(Data items)
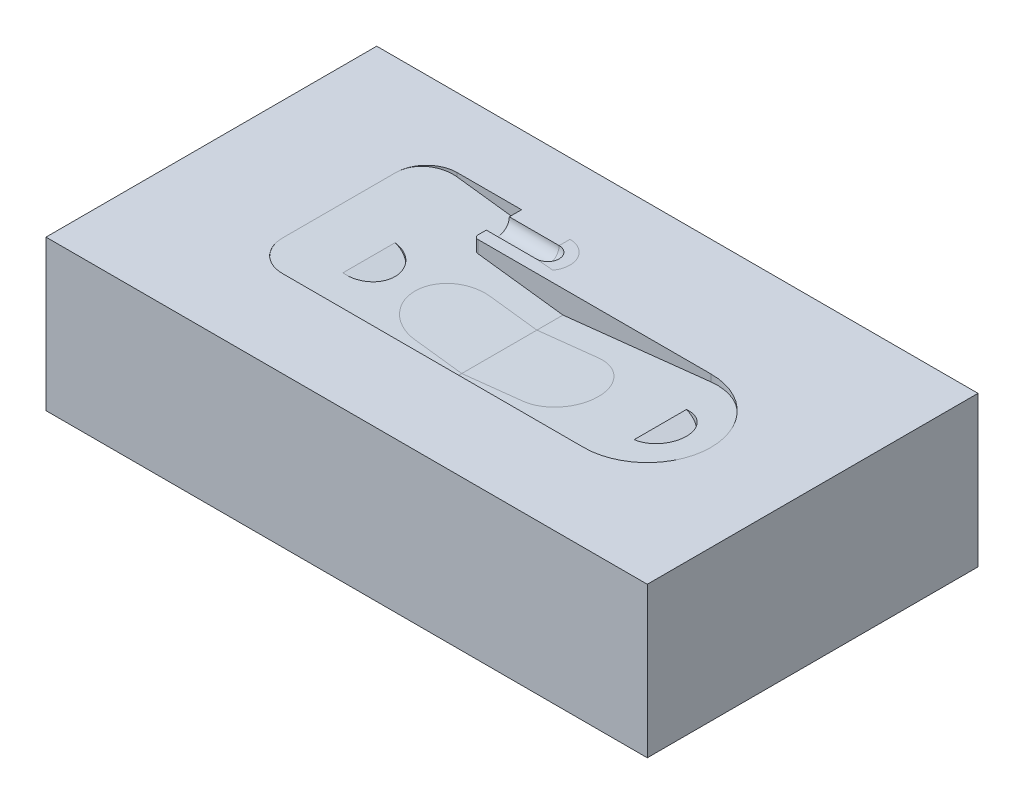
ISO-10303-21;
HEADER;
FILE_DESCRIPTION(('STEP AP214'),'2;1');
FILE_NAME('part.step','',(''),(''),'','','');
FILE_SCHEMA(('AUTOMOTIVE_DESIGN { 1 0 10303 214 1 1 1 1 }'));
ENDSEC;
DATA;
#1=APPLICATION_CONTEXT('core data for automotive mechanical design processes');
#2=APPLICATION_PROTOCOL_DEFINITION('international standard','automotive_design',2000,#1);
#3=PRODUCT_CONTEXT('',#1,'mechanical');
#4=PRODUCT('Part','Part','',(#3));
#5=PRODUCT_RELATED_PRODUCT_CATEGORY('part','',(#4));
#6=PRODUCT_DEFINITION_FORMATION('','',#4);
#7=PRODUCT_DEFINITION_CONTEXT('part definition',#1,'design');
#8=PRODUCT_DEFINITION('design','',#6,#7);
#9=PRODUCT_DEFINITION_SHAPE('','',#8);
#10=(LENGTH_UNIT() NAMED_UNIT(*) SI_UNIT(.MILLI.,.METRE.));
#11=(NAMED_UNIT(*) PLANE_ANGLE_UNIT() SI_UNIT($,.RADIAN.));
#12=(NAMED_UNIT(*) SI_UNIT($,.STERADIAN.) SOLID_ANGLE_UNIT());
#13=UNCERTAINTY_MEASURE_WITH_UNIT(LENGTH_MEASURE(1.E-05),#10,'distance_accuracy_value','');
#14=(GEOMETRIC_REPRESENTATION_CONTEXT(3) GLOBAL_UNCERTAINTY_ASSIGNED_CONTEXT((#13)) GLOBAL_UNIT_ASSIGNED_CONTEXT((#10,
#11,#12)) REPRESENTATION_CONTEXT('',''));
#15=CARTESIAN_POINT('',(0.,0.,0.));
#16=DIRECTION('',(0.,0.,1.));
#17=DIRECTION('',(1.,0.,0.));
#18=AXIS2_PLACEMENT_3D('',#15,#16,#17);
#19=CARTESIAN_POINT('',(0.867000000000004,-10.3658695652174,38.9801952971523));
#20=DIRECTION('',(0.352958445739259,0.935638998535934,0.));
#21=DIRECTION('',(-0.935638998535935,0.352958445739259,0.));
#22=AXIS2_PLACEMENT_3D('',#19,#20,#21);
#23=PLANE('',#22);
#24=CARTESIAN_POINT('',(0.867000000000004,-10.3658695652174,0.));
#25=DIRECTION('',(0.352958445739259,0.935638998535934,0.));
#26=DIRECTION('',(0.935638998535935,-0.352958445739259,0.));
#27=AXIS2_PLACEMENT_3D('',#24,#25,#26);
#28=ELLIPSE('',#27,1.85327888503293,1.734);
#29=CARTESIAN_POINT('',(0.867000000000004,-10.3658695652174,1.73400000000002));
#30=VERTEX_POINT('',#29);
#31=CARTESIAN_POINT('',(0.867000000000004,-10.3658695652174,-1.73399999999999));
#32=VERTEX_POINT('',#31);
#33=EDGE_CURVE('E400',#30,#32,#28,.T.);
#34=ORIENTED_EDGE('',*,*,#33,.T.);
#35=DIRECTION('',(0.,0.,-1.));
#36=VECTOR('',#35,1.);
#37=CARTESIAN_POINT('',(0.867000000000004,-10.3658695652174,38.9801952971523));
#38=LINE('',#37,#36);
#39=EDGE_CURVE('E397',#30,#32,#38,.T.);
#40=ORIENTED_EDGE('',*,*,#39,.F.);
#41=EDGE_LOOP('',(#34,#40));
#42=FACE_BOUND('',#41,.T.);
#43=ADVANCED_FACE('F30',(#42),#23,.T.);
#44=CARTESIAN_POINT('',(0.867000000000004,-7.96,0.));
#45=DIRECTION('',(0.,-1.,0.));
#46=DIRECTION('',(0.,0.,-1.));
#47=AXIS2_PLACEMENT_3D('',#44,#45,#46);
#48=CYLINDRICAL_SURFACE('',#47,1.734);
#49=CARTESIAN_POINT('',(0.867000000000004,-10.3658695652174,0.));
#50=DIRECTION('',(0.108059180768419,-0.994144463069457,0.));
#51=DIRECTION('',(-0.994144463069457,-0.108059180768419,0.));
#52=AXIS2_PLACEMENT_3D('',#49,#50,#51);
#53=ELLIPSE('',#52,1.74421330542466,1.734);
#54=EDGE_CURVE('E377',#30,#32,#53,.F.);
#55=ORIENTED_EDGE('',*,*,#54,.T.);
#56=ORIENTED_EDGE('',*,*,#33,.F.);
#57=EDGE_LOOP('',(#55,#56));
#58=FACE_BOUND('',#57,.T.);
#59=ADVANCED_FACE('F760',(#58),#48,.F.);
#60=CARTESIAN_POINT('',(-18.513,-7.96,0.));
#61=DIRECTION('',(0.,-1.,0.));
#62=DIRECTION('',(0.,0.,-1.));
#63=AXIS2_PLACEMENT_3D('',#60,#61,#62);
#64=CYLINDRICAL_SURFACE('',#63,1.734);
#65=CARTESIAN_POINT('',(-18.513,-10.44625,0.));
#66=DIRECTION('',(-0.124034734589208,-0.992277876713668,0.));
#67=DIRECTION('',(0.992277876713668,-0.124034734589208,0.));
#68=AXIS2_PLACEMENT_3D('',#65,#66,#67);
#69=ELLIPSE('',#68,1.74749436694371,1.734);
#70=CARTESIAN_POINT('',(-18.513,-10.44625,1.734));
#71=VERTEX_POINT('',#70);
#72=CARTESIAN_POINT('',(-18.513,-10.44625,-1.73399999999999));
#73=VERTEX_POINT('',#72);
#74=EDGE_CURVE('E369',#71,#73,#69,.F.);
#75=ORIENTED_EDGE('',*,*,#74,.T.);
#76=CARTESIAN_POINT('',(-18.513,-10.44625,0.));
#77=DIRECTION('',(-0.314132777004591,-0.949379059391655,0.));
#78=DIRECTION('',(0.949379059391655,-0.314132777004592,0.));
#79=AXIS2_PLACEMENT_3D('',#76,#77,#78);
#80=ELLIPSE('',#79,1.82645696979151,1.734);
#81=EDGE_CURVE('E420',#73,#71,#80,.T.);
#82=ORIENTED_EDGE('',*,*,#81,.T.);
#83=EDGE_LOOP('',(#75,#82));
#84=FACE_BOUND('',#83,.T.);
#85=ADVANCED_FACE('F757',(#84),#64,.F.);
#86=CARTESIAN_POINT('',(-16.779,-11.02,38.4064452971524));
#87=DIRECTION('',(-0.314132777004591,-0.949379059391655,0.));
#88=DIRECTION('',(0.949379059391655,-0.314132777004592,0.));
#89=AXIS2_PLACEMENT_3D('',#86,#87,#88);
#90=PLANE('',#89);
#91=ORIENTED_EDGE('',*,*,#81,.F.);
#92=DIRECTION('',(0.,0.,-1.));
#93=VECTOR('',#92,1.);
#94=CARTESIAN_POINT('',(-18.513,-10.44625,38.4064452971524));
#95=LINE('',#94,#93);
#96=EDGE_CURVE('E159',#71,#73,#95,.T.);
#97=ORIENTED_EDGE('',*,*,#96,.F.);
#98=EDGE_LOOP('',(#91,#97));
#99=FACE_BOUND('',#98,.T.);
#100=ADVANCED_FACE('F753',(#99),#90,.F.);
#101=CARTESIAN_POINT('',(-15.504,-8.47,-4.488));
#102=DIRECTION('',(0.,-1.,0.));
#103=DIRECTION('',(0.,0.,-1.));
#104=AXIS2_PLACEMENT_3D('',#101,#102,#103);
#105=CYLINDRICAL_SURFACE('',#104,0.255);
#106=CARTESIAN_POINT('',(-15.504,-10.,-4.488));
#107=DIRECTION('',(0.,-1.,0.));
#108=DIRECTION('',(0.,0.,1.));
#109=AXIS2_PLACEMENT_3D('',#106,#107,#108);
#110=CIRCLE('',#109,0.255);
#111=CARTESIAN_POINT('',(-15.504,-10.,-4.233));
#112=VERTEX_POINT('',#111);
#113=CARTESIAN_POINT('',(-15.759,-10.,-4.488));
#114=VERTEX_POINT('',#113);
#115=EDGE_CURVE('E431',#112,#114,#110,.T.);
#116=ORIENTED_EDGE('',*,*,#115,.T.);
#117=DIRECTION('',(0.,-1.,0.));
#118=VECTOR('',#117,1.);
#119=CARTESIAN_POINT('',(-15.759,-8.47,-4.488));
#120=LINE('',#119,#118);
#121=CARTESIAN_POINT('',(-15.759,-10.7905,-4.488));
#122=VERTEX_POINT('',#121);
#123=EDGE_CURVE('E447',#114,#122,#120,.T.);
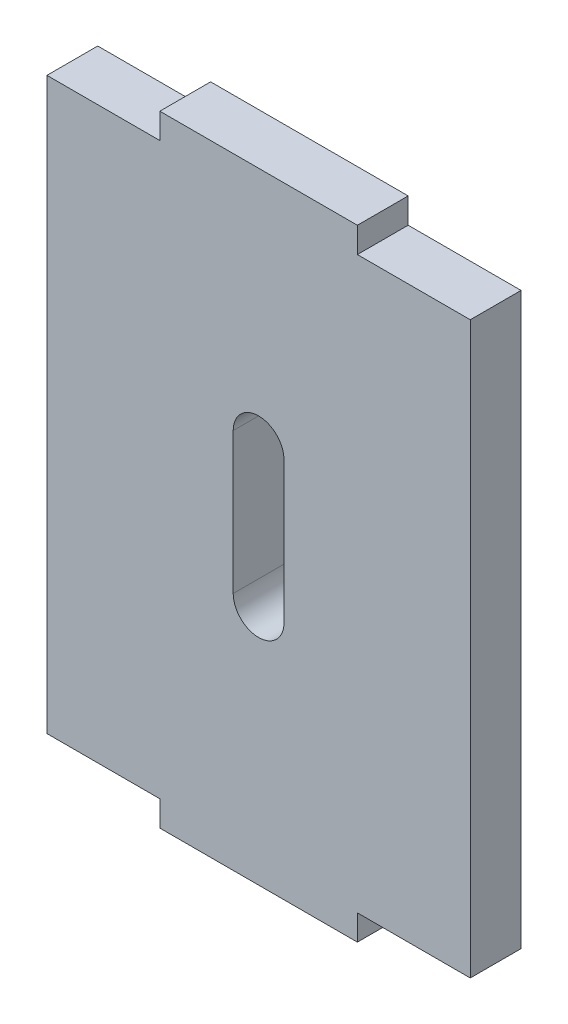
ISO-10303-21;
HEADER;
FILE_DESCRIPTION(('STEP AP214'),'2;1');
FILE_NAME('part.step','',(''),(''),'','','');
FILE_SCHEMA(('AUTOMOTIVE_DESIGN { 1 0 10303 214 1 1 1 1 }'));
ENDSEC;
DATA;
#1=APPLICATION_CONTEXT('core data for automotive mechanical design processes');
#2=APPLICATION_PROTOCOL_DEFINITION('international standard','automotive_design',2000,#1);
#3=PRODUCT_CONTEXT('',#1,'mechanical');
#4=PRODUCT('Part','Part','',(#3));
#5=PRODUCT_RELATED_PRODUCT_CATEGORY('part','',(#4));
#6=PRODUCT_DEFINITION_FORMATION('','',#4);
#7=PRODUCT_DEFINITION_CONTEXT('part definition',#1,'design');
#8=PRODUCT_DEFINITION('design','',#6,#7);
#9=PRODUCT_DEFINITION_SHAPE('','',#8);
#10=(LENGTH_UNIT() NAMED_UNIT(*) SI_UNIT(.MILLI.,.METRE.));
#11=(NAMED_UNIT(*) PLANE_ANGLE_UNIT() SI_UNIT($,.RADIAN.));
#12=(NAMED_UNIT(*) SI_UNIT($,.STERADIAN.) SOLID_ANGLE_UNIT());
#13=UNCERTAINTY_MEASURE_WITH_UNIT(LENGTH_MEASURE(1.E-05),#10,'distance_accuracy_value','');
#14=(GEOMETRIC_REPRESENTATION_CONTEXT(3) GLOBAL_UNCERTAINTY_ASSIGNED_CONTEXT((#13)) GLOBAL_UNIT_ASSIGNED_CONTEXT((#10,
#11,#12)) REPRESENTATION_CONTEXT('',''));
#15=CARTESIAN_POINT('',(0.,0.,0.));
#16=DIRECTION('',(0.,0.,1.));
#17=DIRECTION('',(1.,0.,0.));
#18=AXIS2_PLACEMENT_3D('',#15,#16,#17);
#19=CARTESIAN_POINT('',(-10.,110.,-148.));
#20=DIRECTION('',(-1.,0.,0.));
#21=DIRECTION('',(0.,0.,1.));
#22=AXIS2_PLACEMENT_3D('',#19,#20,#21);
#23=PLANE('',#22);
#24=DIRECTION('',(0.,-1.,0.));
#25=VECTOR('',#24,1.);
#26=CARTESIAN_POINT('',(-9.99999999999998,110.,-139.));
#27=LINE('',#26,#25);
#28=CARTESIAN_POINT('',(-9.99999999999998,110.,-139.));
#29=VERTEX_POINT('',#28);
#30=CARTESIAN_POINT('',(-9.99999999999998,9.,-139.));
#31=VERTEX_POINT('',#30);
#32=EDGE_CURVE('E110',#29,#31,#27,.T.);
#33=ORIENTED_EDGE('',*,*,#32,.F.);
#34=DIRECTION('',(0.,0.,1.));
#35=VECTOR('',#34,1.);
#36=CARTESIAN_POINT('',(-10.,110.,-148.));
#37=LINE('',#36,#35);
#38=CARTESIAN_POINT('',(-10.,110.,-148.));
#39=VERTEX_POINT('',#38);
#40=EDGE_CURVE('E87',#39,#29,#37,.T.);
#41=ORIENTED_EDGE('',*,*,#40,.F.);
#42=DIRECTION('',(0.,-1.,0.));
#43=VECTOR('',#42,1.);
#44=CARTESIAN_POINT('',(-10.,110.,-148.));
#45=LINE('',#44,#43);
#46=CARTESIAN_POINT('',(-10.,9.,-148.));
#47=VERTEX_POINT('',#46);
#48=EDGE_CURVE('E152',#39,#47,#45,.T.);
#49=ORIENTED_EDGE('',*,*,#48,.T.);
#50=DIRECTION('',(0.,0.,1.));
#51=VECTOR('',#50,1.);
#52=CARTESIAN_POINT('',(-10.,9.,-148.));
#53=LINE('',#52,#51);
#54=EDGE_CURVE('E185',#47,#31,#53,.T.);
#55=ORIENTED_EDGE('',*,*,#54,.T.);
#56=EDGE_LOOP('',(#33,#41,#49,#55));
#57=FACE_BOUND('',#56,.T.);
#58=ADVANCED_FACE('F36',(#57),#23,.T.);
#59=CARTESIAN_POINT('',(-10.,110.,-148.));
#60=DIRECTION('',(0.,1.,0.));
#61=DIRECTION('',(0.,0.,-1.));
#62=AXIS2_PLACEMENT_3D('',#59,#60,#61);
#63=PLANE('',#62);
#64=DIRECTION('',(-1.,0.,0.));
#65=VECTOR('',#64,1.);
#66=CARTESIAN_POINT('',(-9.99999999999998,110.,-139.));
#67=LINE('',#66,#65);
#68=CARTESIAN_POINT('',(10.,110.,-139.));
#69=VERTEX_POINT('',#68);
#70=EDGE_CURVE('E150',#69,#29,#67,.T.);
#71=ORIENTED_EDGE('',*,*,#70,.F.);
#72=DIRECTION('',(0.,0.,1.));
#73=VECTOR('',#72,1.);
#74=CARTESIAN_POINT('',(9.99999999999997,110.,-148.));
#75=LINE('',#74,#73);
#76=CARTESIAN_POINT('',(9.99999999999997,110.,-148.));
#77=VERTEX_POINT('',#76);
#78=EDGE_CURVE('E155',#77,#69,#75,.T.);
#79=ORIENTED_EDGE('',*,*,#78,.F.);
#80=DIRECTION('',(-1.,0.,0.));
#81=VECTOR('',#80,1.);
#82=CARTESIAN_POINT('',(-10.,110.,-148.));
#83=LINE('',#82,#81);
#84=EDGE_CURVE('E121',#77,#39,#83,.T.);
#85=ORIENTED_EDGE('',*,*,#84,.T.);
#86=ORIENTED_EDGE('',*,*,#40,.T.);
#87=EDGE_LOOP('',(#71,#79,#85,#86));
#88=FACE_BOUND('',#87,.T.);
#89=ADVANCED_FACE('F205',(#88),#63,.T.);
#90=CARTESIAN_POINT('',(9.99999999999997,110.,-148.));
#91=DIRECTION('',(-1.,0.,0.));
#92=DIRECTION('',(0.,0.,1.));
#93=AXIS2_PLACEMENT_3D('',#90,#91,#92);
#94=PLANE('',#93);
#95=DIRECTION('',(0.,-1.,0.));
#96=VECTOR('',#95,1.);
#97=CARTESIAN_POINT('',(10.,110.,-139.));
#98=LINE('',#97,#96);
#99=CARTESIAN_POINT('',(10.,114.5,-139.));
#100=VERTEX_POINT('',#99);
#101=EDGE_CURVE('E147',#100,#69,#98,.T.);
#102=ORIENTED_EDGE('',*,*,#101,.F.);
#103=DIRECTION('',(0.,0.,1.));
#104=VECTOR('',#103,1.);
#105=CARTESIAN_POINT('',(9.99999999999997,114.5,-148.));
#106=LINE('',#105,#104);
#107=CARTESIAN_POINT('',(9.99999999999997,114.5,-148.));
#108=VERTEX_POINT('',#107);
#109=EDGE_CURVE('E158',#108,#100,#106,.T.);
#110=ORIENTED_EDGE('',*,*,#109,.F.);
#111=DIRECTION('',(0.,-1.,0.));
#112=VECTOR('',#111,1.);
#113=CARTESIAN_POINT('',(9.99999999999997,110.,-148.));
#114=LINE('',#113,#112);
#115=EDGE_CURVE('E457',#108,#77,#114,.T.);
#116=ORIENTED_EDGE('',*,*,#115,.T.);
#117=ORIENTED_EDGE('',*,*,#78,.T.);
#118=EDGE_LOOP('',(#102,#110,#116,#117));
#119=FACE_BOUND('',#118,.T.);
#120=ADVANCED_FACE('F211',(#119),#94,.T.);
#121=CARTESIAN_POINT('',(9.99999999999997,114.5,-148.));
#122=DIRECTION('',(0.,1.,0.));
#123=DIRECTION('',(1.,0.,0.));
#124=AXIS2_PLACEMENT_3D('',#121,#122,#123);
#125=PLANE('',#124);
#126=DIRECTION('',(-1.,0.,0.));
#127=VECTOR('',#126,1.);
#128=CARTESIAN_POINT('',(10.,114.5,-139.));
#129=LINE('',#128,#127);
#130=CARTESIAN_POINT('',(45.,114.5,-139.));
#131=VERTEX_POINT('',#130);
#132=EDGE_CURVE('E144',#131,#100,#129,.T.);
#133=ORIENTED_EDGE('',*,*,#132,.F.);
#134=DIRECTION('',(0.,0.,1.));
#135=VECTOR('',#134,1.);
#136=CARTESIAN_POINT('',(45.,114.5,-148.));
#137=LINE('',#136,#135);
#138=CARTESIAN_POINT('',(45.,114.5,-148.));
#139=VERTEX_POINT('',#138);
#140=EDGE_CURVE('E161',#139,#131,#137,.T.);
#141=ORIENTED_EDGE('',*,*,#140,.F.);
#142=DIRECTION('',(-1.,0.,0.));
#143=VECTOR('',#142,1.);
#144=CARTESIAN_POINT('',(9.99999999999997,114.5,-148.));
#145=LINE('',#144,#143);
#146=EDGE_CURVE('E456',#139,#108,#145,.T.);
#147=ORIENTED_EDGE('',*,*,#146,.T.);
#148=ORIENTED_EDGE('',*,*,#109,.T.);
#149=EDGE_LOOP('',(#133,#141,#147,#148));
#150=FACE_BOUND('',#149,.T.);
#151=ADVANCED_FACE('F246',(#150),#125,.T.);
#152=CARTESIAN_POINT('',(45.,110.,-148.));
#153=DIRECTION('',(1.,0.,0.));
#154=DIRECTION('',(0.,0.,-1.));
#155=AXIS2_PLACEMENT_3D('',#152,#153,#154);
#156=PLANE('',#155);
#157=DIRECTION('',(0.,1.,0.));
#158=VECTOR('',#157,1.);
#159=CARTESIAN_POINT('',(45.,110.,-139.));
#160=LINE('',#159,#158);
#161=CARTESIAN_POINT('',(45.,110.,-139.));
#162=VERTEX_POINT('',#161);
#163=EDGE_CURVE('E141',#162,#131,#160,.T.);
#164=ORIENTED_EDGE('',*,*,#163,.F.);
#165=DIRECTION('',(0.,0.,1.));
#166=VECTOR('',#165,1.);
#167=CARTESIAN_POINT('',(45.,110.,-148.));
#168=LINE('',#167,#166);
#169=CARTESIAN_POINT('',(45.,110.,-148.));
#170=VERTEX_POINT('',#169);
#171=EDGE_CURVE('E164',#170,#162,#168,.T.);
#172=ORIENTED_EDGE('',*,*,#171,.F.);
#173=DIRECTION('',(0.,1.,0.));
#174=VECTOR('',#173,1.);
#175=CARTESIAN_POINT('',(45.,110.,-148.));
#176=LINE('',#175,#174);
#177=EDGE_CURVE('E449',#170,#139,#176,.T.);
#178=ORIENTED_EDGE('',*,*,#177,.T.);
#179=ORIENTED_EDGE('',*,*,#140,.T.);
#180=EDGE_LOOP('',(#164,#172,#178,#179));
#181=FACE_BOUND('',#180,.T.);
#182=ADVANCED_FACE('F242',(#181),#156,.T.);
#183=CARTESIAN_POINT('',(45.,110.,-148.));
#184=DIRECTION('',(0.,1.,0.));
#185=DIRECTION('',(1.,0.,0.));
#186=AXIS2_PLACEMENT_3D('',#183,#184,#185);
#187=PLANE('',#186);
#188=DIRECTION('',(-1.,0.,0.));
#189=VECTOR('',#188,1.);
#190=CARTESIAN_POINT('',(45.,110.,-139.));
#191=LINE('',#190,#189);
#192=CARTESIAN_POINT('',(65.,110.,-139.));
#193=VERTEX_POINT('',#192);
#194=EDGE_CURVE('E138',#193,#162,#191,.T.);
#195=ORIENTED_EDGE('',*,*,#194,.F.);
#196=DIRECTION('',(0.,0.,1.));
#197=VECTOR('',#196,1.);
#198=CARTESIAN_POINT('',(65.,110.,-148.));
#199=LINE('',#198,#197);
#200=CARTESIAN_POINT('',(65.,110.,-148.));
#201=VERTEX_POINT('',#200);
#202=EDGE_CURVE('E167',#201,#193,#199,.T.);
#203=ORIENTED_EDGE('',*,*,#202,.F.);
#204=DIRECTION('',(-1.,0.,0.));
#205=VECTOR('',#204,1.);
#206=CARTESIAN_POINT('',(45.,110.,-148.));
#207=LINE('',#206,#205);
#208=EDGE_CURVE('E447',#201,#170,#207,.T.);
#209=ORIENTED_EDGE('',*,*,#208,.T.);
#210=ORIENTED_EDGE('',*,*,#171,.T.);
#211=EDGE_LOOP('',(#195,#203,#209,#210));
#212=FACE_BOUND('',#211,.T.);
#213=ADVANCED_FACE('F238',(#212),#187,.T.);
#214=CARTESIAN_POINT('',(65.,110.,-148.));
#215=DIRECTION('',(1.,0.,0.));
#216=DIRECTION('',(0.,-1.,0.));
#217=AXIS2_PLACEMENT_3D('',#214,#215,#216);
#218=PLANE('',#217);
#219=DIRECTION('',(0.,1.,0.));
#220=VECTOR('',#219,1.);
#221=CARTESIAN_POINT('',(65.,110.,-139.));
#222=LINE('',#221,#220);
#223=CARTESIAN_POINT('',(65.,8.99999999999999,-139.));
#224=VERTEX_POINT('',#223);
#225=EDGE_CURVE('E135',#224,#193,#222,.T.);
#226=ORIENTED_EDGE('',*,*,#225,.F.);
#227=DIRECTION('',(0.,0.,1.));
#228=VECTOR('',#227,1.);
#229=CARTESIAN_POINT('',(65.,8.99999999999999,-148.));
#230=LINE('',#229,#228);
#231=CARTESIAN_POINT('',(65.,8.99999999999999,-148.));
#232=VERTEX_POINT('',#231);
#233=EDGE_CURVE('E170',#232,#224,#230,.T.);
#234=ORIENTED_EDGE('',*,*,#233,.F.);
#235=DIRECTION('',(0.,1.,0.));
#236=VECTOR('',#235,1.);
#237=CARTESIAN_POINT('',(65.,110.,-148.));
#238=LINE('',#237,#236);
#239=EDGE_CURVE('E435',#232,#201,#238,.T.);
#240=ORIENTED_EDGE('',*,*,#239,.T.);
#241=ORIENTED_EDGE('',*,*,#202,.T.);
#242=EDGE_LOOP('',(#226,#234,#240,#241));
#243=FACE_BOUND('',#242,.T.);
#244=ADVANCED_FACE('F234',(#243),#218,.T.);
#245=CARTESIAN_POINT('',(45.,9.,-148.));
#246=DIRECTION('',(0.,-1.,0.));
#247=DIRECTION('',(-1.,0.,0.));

● **WORK TO BE COMPLETED**:
Beginning with the line that contains "#244=ADVANCED_FACE('F234',(#243),#218,.T.);", each line of the records above through the last one must be printed word for word.

● **OUTPUT**:
#244=ADVANCED_FACE('F234',(#243),#218,.T.);
#245=CARTESIAN_POINT('',(45.,9.,-148.));
#246=DIRECTION('',(0.,-1.,0.));
#247=DIRECTION('',(-1.,0.,0.));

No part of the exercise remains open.